**SOURCE DATA:**
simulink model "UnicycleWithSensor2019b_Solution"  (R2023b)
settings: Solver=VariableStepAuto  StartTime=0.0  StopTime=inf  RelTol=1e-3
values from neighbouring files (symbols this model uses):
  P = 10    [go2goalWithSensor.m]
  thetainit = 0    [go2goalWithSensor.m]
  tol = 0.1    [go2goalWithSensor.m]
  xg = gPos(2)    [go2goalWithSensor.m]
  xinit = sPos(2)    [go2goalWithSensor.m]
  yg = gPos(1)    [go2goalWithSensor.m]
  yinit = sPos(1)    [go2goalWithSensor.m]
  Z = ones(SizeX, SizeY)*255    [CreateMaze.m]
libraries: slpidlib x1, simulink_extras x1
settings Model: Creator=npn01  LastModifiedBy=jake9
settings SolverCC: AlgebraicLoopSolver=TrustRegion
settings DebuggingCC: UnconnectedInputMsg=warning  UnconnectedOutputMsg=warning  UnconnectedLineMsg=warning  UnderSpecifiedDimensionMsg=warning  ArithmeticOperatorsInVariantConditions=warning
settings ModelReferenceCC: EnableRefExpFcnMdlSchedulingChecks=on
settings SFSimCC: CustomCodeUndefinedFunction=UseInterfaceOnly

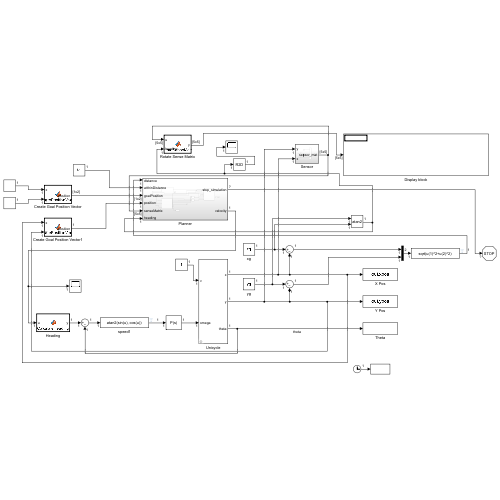
[thumbnail: Simulink's stored preview of the top-level diagram]
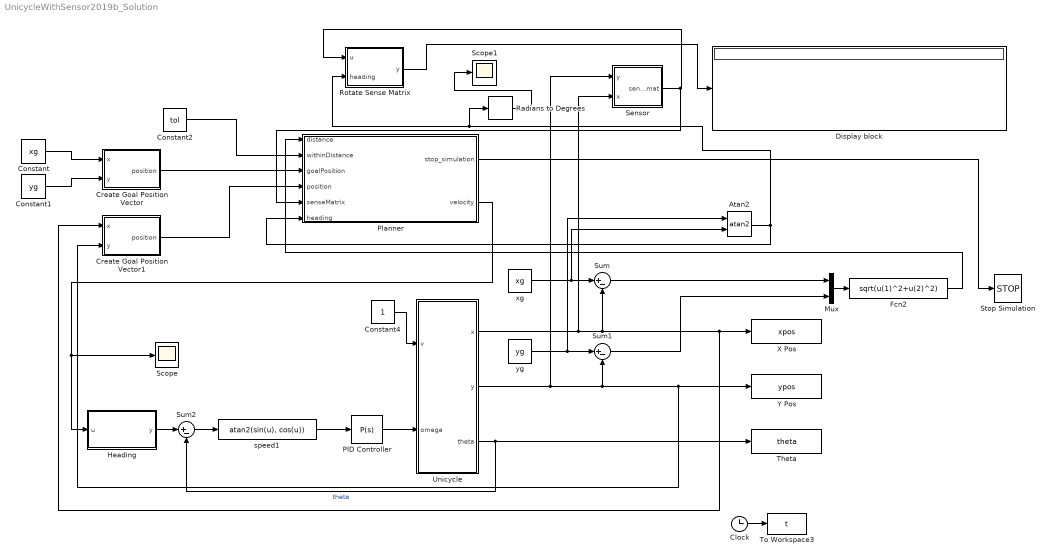
== system UnicycleWithSensor2019b_Solution ==
  Atan2 : Trigonometry  Operator=atan2
  Clock : Clock
  Constant : Constant  Value=xg
  Constant1 : Constant  Value=yg
  Constant2 : Constant  Value=tol
  Constant4 : Constant
  Create Goal Position Vector : MATLAB Function  TreatAsAtomicUnit=on
  Create Goal Position Vector1 : MATLAB Function  TreatAsAtomicUnit=on
  Display block : Display
  Fcn2 : Fcn  Expr=sqrt(u(1)^2+u(2)^2)
  Heading : MATLAB Function  TreatAsAtomicUnit=on
  Mux : Mux  Inputs=2
  PID Controller : slpidlib/PID Controller  Controller=P  Form=Parallel  TimeDomain=Continuous-time  UseExternalTs=off  SampleTime=-1  IntegratorMethod=Forward Euler  FilterMethod=Forward Euler  ControllerParametersSource=internal  P=P  I=0  UseKiTs=off  D=0  N=100  UseFilter=on  TunerSelectOption=Transfer Function Based (PID Tuner App)  InitialConditionSource=internal  InitialConditionForIntegrator=0  InitialConditionForFilter=0  DifferentiatorICPrevScaledInput=0  ExternalReset=none  TrackingMode=off  Kt=1  LimitOutput=off  SatLimitsSource=internal  UpperSaturationLimit=inf  LowerSaturationLimit=-inf  LinearizeAsGain=on  AntiWindupMode=none  Kb=1  LimitIntegrator=off  UpperIntegratorSaturationLimit=inf  LowerIntegratorSaturationLimit=-inf  POutMin=[]  POutMax=[]  IOutMin=[]  IOutMax=[]  DOutMin=[]  DOutMax=[]  NOutMin=[]  NOutMax=[]  SumOutMin=[]  SumOutMax=[]  SaturationOutMin=[]  SaturationOutMax=[]  PParamMin=[]  PParamMax=[]  IParamMin=[]  IParamMax=[]  DParamMin=[]  DParamMax=[]  NParamMin=[]  NParamMax=[]  KbParamMin=[]  KbParamMax=[]  KtParamMin=[]  KtParamMax=[]  KbOutMin=[]  KbOutMax=[]  KtOutMin=[]  KtOutMax=[]  IntegratorOutMin=[]  IntegratorOutMax=[]  FilterOutMin=[]  FilterOutMax=[]  SumI1OutMin=[]  SumI1OutMax=[]  SumI2OutMin=[]  SumI2OutMax=[]  SumI3OutMin=[]  SumI3OutMax=[]  SumI4OutMin=[]  SumI4OutMax=[]  SumDOutMin=[]  SumDOutMax=[]  DifferentiatorOutMin=[]  DifferentiatorOutMax=[]  FilterDiffOutCoefMin=[]  FilterDiffOutCoefMax=[]  ReciprocalOutMin=[]  ReciprocalOutMax=[]  SumDenOutMin=[]  SumDenOutMax=[]  SumNumOutMin=[]  SumNumOutMax=[]  DivideOutMin=[]  DivideOutMax=[]  UdiffTsProdOutMin=[]  UdiffTsProdOutMax=[]  NTsProdOutMin=[]  NTsProdOutMax=[]  UintegralTsProdOutMin=[]  UintegralTsProdOutMax=[]  UngainTsProdOutMin=[]  UngainTsProdOutMax=[]  ClampingZeroOutDataTypeStr=Inherit: Inherit via back propagation  ClampingZeroOutMin=[]  ClampingZeroOutMax=[]  FilterDenConstantOutDataTypeStr=Inherit: Inherit via back propagation  FilterDenConstantOutMin=[]  FilterDenConstantOutMax=[]  PCopyOutDataTypeStr=Inherit: Inherit via back propagation  PCopyOutMin=[]  PCopyOutMax=[]  NCopyOutDataTypeStr=Inherit: Inherit via back propagation  NCopyOutMin=[]  NCopyOutMax=[]  IntegratorContinuousStateAttributes=''  IntegratorStateMustResolveToSignalObject=off  IntegratorRTWStateStorageClass=Auto  FilterContinuousStateAttributes=''  FilterStateMustResolveToSignalObject=off  FilterRTWStateStorageClass=Auto  ParallelPVariant=InternalParameters  IdealPVariant=Disabled  IVariant=Disabled  DVariant=Disabled  IntegratorVariant=Disabled  SatVariant=Disabled  AWVariant=Disabled  PCopyVariant=Disabled  TRVariant=Disabled  FdbkBlocksVariant=Forward  IdealPFdbkVariant=Disabled  SatFdbkVariant=Disabled  DerivativeFilterVariant=Disabled  NVariant=Disabled  NCopyVariant=Disabled_SignalSpec  FilterICVariant=Disabled  IntegratorICVariant=Disabled  ExternalResetVariant=Disabled  TRSumVariant=Passthrough  SumFdbkVariant=Disabled  SumVariant=Passthrough_P  TsampFilterVariant=InternalTs  TsampNgainVariant=Passthrough  TsampIntegralVariant=Disabled_SignalSpec  ExternalSaturationOutDataTypeStr=Inherit: Same as second input
  Planner : Subsystem
  Radians to Degrees : simulink_extras/Transformations/Radians to Degrees
  Rotate Sense Matrix : MATLAB Function  TreatAsAtomicUnit=on
  Scope : Scope
  Scope1 : Scope
  Sensor : Subsystem
  Stop Simulation : Stop
  Sum : Sum  Inputs=|+-
  Sum1 : Sum  Inputs=|+-
  Sum2 : Sum  Inputs=|+-
  Theta : ToWorkspace  VariableName=theta  SampleTime=-1
  To Workspace3 : ToWorkspace  VariableName=t  SampleTime=-1
      settings: Save2DSignal=2-D array (concatenate along first dimension)
  Unicycle : Subsystem  mask{x0=xinit, y0=yinit, theta0=thetainit}
      mask DialogControl Control4 Prompt: Enter x initial position
      mask DialogControl Control2 Prompt: Enter y initial position
      mask DialogControl Control3 Prompt: Enter initial theta angle
      mask DialogControl Control6 Prompt: Any text you want
  X Pos : ToWorkspace  VariableName=xpos  SampleTime=-1
  Y Pos : ToWorkspace  VariableName=ypos  SampleTime=-1
  speed1 : Fcn  Expr=atan2(sin(u), cos(u))
  xg : Constant  Value=xg
  yg : Constant  Value=yg
  wires:
  xg/1 -> Atan2/2, Sum/1
  Unicycle/1(x) -> Sensor/2(x), Create Goal Position Vector1/1(x), X Pos/1, Sum/2
  yg/1 -> Atan2/1, Sum1/1
  Unicycle/2(y) -> Sensor/1(y), Sum1/2, Create Goal Position Vector1/2(y), Y Pos/1
  Sum/1 -> Mux/1
  Unicycle/3(theta) -> Theta/1, Sum2/2  "theta"
  PID Controller/1 -> Unicycle/2(omega)
  Sum2/1 -> speed1/1
  Clock/1 -> To Workspace3/1
  Mux/1 -> Fcn2/1
  Sum1/1 -> Mux/2
  Sensor/1(sensor_mat) -> Planner/5(senseMatrix), Rotate Sense Matrix/1(u)
  Constant/1 -> Create Goal Position Vector/1(x)
  Constant1/1 -> Create Goal Position Vector/2(y)
  speed1/1 -> PID Controller/1
  Heading/1(y) -> Sum2/1
  Planner/2(velocity) -> Scope/1, Heading/1(u)
  Fcn2/1 -> Planner/1(distance)
  Constant2/1 -> Planner/2(withinDistance)
  Planner/1(stop_simulation) -> Stop Simulation/1
  Constant4/1 -> Unicycle/1(v)
  Create Goal Position Vector/1(position) -> Planner/3(goalPosition)
  Create Goal Position Vector1/1(position) -> Planner/4(position)
  Rotate Sense Matrix/1(y) -> Display block/1
  Atan2/1 -> Radians to Degrees/1, Rotate Sense Matrix/2(heading), Planner/6(heading)
  Radians to Degrees/1 -> Scope1/1

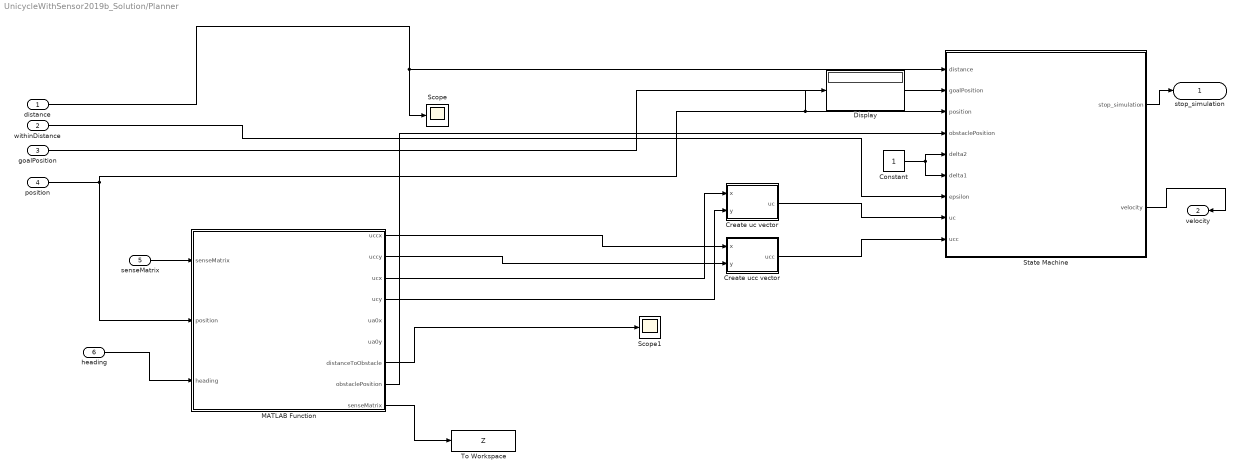
== system UnicycleWithSensor2019b_Solution/Planner ==
  distance : Inport
  withinDistance : Inport  Port=2
  goalPosition : Inport  Port=3
  position : Inport  Port=4
  senseMatrix : Inport  Port=5
  heading : Inport  Port=6
  Constant : Constant
  Create uc vector : MATLAB Function  TreatAsAtomicUnit=on
  Create ucc vector : MATLAB Function  TreatAsAtomicUnit=on
  Display : Display
  MATLAB Function : MATLAB Function  TreatAsAtomicUnit=on
  Scope : Scope
  Scope1 : Scope
  State Machine : Stateflow chart  TreatAsAtomicUnit=on
      settings: PortSchema="{\"entries\":[{\"content\":{\"sides\":[{\"content\":{\"connectorIds\":[\"In1\",\"In2\",\"In3\",\"In4\",\"In6\",\"In5\",\"In7\",\"In8\",\"In9\"]},\"type\":\"ConnectorPlacement.EquallySpacedRectSide\",\"uuid\":\"f7a5406f-d8ab-48f3-afc0-a6a97f8edc89\"},{\"content\":{\"connectorIds\":[\"Out1\",\"Out2\"],\"side\":\"RIGHT\"},\"type\":\"ConnectorPlacement.EquallySpacedRectSide\",\"uuid\":\"30b2deb1-2503-41d9-93ae-a7b3e9c8e922\"},{\"content\":{\"side\":\"TOP\"},\"type\":\"ConnectorPlacement.EquallySpacedRectSide\",\"uuid\":\"641fbf2e-2a84-40cd-8715-741285d67b9e\"}]},\"type\":\"ConnectorPlacement.EquallySpacedConnector\",\"uuid\":\"1a9f3f1e-ed88-4022-9191-699bf4a06c60\"}],\"packageUris\":[\"http://schema.mathworks.com/mf0/Connector/R2020b\"],\"version\":\"1.0\"}"
  To Workspace : ToWorkspace  VariableName=Z  SaveFormat=Timeseries  SampleTime=-1
  stop_simulation : Outport
  velocity : Outport  Port=2
  wires:
  distance/1 -> Scope/1, State Machine/1(distance)
  State Machine/2(velocity) -> velocity/1
  withinDistance/1 -> State Machine/7(epsilon)
  goalPosition/1 -> State Machine/2(goalPosition)
  State Machine/1(stop_simulation) -> stop_simulation/1
  position/1 -> MATLAB Function/2(position), Display/1, State Machine/3(position)
  senseMatrix/1 -> MATLAB Function/1("senseMatrix ")
  MATLAB Function/7(distanceToObstacle) -> Scope1/1
  MATLAB Function/9(senseMatrix) -> To Workspace/1
  MATLAB Function/1(uccx) -> Create ucc vector/1(x)
  MATLAB Function/2(uccy) -> Create ucc vector/2(y)
  heading/1 -> MATLAB Function/3(heading)
  MATLAB Function/3(ucx) -> Create uc vector/1(x)
  MATLAB Function/4(ucy) -> Create uc vector/2(y)
  MATLAB Function/8(obstaclePosition) -> State Machine/4(obstaclePosition)
  Constant/1 -> State Machine/5(delta1), State Machine/6(delta2)
  Create uc vector/1(uc) -> State Machine/8(uc)
  Create ucc vector/1(ucc) -> State Machine/9(ucc)

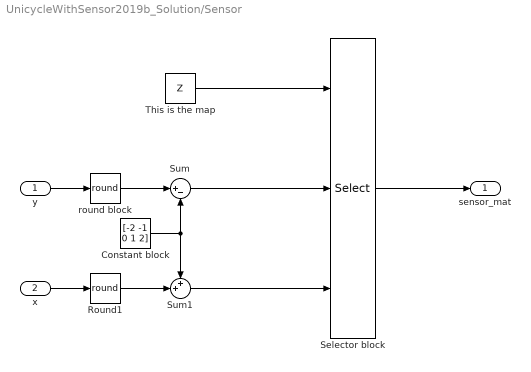
== system UnicycleWithSensor2019b_Solution/Sensor ==
  y : Inport
  x : Inport  Port=2
  Constant block : Constant  Value=[-2 -1 0 1 2]
  Round1 : Rounding  Operator=round
  Selector block : Selector  NumberOfDimensions=2  InputPortWidth=3  IndexOptions=Index vector (port),Index vector (port)  Indices=[1 3],1  OutputSizes=1,1
  Sum : Sum  Inputs=|+-  OutDataTypeStr=int32  RndMeth=Round
  Sum1 : Sum  Inputs=++|  OutDataTypeStr=int32  RndMeth=Round
  This is the map : Constant  Value=Z  VectorParams1D=off
  round block : Rounding  Operator=round
  sensor_mat : Outport
  wires:
  This is the map/1 -> Selector block/1
  Constant block/1 -> Sum1/1, Sum/2
  Sum/1 -> Selector block/2
  Sum1/1 -> Selector block/3
  Selector block/1 -> sensor_mat/1
  y/1 -> round block/1
  round block/1 -> Sum/1
  x/1 -> Round1/1
  Round1/1 -> Sum1/2

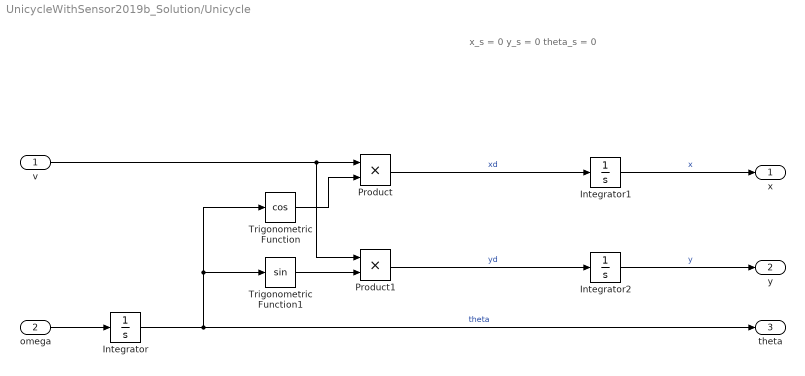
== system UnicycleWithSensor2019b_Solution/Unicycle ==
  note: x_s = 0
      | y_s = 0
      | theta_s = 0
  v : Inport
  omega : Inport  Port=2
  Integrator : Integrator  InitialCondition=theta0
  Integrator1 : Integrator  InitialCondition=x0
  Integrator2 : Integrator  InitialCondition=y0
  Product : Product
  Product1 : Product
  Trigonometric Function : Trigonometry  Operator=cos
  Trigonometric Function1 : Trigonometry
  x : Outport
  y : Outport  Port=2
  theta : Outport  Port=3
  wires:
  Product1/1 -> Integrator2/1  "yd"
  Integrator2/1 -> y/1  "y"
  v/1 -> Product1/1, Product/1
  Integrator/1 -> theta/1, Trigonometric Function1/1, Trigonometric Function/1  "theta"
  Product/1 -> Integrator1/1  "xd"
  omega/1 -> Integrator/1
  Trigonometric Function/1 -> Product/2
  Integrator1/1 -> x/1  "x"
  Trigonometric Function1/1 -> Product1/2

== stateflow chart UnicycleWithSensor2019b_Solution/Planner/State Machine ==
  state stop
    entry:
    stop_simulation=true;
  state gtg_state
    entry:
    obstacleToPositionDistance = 0;
    during:
    velocity = goalPosition - position;
    obstacleToPosition = obstaclePosition - position;
    obstacleToPositionDistance = sqrt(obstacleToPosition(1)^2 + obstacleToPosition(2)^2);
    product_gtg_ucc = sum((goalPosition - position) .* ucc);
    product_gtg_uc = sum((goalPosition - position) .* uc);
  state uc_state
    entry:
    positionToGoal = goalPosition - position;
    d = sqrt(positionToGoal(1)^2 + positionToGoal(2)^2);
    during:
    velocity = uc;
    positionToGoal = goalPosition - position;
  state ucc_state
    entry:
    positionToGoal = goalPosition - position;
    d = sqrt(positionToGoal(1)^2 + positionToGoal(2)^2);
    during:
    velocity = ucc;
    positionToGoal = goalPosition - position;
    product_ao_gtg = sum(obstacleToPosition .* (goalPosition - position));
  state ua0_state
    during:
    velocity = obstaclePosition - position;
    obstacleToPosition = obstaclePosition - position;
    obstacleToPositionDistance = sqrt(obstacleToPosition(1)^2 + obstacleToPosition(2)^2);
    product_gtg_ucc = sum((goalPosition - position) .* ucc);
    product_gtg_uc = sum((goalPosition - position) .* uc);
  gtg_state -> stop [order 1] : [distance <= epsilon]
  (default) -> gtg_state
  gtg_state -> uc_state [order 3] : [obstacleToPositionDistance < delta1 && product_gtg_uc > 0]
  gtg_state -> ucc_state [order 2] : [obstacleToPositionDistance < delta1 && product_gtg_ucc > 0]
  ucc_state -> gtg_state [order 2] : [positionToGoal < d && product_ao_gtg > 0]
  uc_state -> gtg_state [order 2] : [positionToGoal < d && product_ao_gtg > 0]
  ua0_state -> uc_state [order 2] : [obstacleToPositionDistance >= delta2 && product_gtg_uc > 0]
  uc_state -> ua0_state [order 1] : [obstacleToPositionDistance < delta2]
  ucc_state -> ua0_state [order 1] : [obstacleToPositionDistance < delta2]
  ua0_state -> ucc_state [order 1] : [obstacleToPositionDistance >= delta2 && product_gtg_ucc > 0]
  data: distance input; stop_simulation output; velocity output; goalPosition input; position input; obstaclePosition input; delta1 input; delta2 input; epsilon input; uc input; ucc input; product_gtg_ucc local =0; product_gtg_uc local =0; obstacleToPosition local; obstacleToPositionDistance local =0; positionToGoal local; d local =0; product_ao_gtg local =0

== matlab function UnicycleWithSensor2019b_Solution/Heading ==
  data: u input; y output
function y = CalculateHeading(u)

y = atan2(u(2), u(1));

== matlab function UnicycleWithSensor2019b_Solution/Planner/MATLAB Function ==
  data: senseMatrix input; uccx output; uccy output; position input; ucx output; ucy output; ua0x output; ua0y output; distanceToObstacle output; obstaclePosition output; senseMatrix output; heading input
function [uccx, uccy, ucx, ucy, ua0x, ua0y, distanceToObstacle, obstaclePosition, senseMatrix] = CalculateObstacleDirectionsAndPosition(senseMatrix, position, heading)

thetaC = pi/2;
thetaCC = -pi/2;
ucRotation = [cos(thetaC), -sin(thetaC);
              sin(thetaC), cos(thetaC)]';

uccRotation = [cos(thetaCC), -sin(thetaCC);
               sin(thetaCC), cos(thetaCC)]';

rotation = [cos(heading), -sin(heading);
            sin(heading), cos(heading)]';

uc = [0 0];
ucc = [0 0];
distanceToObstacle = 100;
obstaclePosition = [0 0];
ua0x = 0;
ua0y = 0;
uccx = 0;
uccy = 0;
ucx = 0;
ucy = 0;

xGlobal = rotation * [1; 0] - position';
mag = sqrt(xGlobal(1)^2 + xGlobal(2)^2);
xGlobal = xGlobal ./ mag;

value = senseMatrix(3 + round(xGlobal(1)), 3 + round(xGlobal(2)));

% Obstacle in front of the robot.
if value == 0
    distanceToObstacle = 1;
    uc = (ucRotation * [-1; 0]).';
    ucc = (uccRotation * [-1; 0]).';
    uccx = ucc(1);
    uccy = ucc(2);
    ucx = uc(1);
    ucy = uc(2);
    ua0x = 0;
    ua0y = -1;
    obstaclePosition = [3 + round(xGlobal(1)), 3 + round(xGlobal(2))];
end

== matlab function UnicycleWithSensor2019b_Solution/Rotate Sense Matrix ==
  data: u input; y output; heading input
function y = RotateSenseMatrix(u, heading)

y = rot90(u, -round((((pi/2) - heading) / (pi/2))));
end

== matlab function UnicycleWithSensor2019b_Solution/Planner/Create ucc vector ==
  data: x input; ucc output; y input
function ucc = CreatePositionVector(x, y)

ucc = [x y];
end

== matlab function UnicycleWithSensor2019b_Solution/Planner/Create uc vector ==
  data: x input; uc output; y input
function uc = CreatePositionVector(x, y)

uc = [x y];
end

== matlab function UnicycleWithSensor2019b_Solution/Create Goal Position Vector1 ==
  data: x input; position output; y input
function position = CreatePositionVector(x, y)

position = [x y];
end

== matlab function UnicycleWithSensor2019b_Solution/Create Goal Position Vector ==
  data: x input; position output; y input
function position = CreatePositionVector(x, y)

position = [x y];
end

**EXERCISE:**
Above are some records. Output exactly the lines from the one that contains "This is the map/1 -> Selector block/1" to the one that contains "omega : Inport", keeping both, and omit the pictures.

**TASK RESULT:**
  This is the map/1 -> Selector block/1
  Constant block/1 -> Sum1/1, Sum/2
  Sum/1 -> Selector block/2
  Sum1/1 -> Selector block/3
  Selector block/1 -> sensor_mat/1
  y/1 -> round block/1
  round block/1 -> Sum/1
  x/1 -> Round1/1
  Round1/1 -> Sum1/2

== system UnicycleWithSensor2019b_Solution/Unicycle ==
  note: x_s = 0
      | y_s = 0
      | theta_s = 0
  v : Inport
  omega : Inport  Port=2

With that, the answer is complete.